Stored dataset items
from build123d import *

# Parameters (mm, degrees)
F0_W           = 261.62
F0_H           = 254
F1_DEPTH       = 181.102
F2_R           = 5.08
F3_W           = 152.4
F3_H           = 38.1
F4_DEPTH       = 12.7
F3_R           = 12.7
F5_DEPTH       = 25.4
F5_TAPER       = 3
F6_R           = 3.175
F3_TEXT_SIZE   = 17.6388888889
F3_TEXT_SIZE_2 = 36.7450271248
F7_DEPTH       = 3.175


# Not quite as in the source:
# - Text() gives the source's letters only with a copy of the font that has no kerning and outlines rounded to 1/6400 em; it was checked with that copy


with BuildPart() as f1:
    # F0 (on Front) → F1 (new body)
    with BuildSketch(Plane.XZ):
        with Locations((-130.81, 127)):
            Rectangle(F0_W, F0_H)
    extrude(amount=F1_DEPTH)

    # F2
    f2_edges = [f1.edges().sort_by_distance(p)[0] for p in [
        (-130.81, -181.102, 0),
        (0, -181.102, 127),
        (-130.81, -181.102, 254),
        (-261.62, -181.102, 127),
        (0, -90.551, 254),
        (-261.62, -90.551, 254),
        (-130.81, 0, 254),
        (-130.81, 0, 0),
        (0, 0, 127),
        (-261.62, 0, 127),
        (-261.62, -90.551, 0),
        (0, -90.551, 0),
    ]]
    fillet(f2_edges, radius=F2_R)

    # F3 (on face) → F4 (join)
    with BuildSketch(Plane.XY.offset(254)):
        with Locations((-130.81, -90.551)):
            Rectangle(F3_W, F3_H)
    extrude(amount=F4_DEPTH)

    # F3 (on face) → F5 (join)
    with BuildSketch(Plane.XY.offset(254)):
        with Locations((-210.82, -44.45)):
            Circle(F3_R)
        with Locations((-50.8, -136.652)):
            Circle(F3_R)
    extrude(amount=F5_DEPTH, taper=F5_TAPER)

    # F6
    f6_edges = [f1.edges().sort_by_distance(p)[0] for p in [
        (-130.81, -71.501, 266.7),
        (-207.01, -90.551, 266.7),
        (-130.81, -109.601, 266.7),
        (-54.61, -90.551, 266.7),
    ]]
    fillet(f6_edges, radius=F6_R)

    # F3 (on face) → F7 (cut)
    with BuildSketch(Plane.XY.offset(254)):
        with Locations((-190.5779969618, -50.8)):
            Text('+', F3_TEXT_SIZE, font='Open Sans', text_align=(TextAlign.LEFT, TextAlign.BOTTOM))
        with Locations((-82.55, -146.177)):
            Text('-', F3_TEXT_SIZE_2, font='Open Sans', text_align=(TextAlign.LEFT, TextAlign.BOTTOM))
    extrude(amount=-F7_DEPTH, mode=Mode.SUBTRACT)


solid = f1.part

ASSIGNMENT.
Filter the entries and copy out every line with the word "Locations".

ANSWER BOX.
        with Locations((-130.81, 127)):
        with Locations((-130.81, -90.551)):
        with Locations((-210.82, -44.45)):
        with Locations((-50.8, -136.652)):
        with Locations((-190.5779969618, -50.8)):
        with Locations((-82.55, -146.177)):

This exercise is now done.